### Exercise goal
Below are several entries. Transcribe exactly those lines that fall from the one with "pull-up (R2) |" through the one with "2. Connect the", end lines included.

··· Entries shown

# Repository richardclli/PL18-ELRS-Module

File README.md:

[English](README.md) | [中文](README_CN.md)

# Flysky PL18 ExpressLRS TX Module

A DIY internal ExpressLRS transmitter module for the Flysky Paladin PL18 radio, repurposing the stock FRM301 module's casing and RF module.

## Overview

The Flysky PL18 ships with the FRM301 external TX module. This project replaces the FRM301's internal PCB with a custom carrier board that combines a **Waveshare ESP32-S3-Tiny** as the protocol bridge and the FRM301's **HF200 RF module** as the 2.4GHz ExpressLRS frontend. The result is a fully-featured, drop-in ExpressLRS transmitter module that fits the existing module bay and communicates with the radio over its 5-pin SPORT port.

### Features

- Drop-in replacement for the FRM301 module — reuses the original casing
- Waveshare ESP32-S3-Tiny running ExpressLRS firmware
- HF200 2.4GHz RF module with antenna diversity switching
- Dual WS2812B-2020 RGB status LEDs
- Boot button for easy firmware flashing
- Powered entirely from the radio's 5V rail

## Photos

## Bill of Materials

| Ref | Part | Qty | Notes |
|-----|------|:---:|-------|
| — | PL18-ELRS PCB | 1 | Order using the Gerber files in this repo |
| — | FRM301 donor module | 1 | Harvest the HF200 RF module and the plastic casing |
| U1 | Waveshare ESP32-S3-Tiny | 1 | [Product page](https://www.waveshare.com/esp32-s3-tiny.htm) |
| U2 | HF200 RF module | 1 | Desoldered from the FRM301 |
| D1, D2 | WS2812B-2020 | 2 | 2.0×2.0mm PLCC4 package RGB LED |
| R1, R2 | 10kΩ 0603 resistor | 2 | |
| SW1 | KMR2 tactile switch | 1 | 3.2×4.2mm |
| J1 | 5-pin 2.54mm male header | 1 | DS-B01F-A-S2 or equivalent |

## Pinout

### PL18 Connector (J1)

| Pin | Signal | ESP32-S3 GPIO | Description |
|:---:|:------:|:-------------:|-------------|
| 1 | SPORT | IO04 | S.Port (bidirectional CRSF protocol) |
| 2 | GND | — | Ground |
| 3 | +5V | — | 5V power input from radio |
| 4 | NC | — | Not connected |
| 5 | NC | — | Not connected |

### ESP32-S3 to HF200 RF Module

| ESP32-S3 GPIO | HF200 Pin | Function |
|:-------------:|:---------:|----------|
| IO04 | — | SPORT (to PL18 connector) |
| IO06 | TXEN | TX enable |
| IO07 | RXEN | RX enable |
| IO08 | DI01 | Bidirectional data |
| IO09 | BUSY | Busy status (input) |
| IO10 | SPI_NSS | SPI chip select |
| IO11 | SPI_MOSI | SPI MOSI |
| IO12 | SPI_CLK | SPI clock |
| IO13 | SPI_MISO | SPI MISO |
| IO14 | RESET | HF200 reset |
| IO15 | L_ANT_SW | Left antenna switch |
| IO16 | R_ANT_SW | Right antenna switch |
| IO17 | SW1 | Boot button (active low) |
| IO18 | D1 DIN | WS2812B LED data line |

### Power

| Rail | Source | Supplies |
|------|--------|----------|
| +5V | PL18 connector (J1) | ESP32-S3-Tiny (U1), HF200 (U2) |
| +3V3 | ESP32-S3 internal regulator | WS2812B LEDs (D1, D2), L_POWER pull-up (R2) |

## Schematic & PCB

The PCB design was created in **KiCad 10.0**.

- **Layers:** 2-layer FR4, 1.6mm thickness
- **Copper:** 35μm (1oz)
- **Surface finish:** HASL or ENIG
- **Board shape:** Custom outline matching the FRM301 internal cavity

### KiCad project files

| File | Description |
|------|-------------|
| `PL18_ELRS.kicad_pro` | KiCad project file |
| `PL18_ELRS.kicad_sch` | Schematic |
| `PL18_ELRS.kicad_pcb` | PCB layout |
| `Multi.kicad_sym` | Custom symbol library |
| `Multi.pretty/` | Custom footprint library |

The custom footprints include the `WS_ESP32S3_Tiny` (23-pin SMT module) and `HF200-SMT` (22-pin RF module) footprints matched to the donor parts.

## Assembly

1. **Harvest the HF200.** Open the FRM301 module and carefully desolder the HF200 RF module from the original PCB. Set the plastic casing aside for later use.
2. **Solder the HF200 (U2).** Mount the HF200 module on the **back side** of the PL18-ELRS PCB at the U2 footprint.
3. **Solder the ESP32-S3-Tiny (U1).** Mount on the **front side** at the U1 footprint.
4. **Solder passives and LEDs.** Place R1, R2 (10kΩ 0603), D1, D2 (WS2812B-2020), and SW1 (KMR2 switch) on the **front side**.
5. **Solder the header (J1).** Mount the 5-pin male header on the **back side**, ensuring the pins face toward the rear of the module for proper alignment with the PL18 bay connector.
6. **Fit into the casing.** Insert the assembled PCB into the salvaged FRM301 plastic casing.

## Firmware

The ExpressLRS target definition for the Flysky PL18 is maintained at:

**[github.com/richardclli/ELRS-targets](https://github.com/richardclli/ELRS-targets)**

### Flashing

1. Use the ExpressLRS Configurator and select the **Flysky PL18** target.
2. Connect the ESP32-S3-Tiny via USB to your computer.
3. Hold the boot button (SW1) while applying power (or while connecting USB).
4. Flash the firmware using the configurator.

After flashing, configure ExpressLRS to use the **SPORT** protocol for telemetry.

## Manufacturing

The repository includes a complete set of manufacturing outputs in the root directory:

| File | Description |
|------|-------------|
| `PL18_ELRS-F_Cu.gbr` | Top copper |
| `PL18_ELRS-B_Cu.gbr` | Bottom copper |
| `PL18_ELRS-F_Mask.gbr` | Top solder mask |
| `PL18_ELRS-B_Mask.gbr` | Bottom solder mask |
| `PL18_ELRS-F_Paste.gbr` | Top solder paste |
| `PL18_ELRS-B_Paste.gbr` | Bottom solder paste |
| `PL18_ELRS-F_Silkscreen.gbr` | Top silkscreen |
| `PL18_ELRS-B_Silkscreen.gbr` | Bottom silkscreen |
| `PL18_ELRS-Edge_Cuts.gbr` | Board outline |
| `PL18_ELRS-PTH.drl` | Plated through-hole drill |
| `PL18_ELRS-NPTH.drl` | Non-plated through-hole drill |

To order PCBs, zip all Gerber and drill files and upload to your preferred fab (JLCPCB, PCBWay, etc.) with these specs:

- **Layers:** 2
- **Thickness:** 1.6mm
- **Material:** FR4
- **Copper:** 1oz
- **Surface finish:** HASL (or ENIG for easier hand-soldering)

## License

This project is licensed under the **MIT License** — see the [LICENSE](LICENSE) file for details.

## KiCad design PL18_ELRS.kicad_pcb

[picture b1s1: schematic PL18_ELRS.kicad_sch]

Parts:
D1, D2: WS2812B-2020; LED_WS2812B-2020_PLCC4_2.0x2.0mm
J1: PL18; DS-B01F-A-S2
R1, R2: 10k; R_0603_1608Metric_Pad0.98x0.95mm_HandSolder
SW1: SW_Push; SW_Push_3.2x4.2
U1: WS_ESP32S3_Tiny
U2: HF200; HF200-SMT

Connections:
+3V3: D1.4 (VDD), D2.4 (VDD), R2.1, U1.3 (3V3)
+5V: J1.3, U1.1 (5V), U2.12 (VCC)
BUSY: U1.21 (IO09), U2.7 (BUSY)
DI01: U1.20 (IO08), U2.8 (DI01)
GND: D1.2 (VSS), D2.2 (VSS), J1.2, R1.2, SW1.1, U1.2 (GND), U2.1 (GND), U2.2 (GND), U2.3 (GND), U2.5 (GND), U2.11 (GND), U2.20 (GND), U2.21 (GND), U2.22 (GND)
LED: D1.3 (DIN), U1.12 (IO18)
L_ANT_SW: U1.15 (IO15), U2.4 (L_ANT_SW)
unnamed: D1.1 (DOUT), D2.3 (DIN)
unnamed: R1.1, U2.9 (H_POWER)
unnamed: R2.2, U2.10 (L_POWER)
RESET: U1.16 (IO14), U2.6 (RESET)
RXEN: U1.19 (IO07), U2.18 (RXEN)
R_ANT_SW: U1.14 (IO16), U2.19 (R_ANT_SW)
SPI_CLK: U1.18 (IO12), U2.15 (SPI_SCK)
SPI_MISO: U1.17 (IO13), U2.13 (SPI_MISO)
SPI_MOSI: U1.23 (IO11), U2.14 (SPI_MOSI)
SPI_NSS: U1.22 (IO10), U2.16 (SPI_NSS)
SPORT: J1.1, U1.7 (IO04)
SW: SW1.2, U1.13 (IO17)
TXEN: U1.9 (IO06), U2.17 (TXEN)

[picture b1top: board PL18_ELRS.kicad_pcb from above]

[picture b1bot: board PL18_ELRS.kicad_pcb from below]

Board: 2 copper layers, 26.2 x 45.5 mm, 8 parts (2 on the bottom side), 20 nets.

······

### Result of the exercise
| +3V3 | ESP32-S3 internal regulator | WS2812B LEDs (D1, D2), L_POWER pull-up (R2) |

## Schematic & PCB

The PCB design was created in **KiCad 10.0**.

- **Layers:** 2-layer FR4, 1.6mm thickness
- **Copper:** 35μm (1oz)
- **Surface finish:** HASL or ENIG
- **Board shape:** Custom outline matching the FRM301 internal cavity

### KiCad project files

| File | Description |
|------|-------------|
| `PL18_ELRS.kicad_pro` | KiCad project file |
| `PL18_ELRS.kicad_sch` | Schematic |
| `PL18_ELRS.kicad_pcb` | PCB layout |
| `Multi.kicad_sym` | Custom symbol library |
| `Multi.pretty/` | Custom footprint library |

The custom footprints include the `WS_ESP32S3_Tiny` (23-pin SMT module) and `HF200-SMT` (22-pin RF module) footprints matched to the donor parts.

## Assembly

1. **Harvest the HF200.** Open the FRM301 module and carefully desolder the HF200 RF module from the original PCB. Set the plastic casing aside for later use.
2. **Solder the HF200 (U2).** Mount the HF200 module on the **back side** of the PL18-ELRS PCB at the U2 footprint.
3. **Solder the ESP32-S3-Tiny (U1).** Mount on the **front side** at the U1 footprint.
4. **Solder passives and LEDs.** Place R1, R2 (10kΩ 0603), D1, D2 (WS2812B-2020), and SW1 (KMR2 switch) on the **front side**.
5. **Solder the header (J1).** Mount the 5-pin male header on the **back side**, ensuring the pins face toward the rear of the module for proper alignment with the PL18 bay connector.
6. **Fit into the casing.** Insert the assembled PCB into the salvaged FRM301 plastic casing.

## Firmware

The ExpressLRS target definition for the Flysky PL18 is maintained at:

**[github.com/richardclli/ELRS-targets](https://github.com/richardclli/ELRS-targets)**

### Flashing

1. Use the ExpressLRS Configurator and select the **Flysky PL18** target.
2. Connect the ESP32-S3-Tiny via USB to your computer.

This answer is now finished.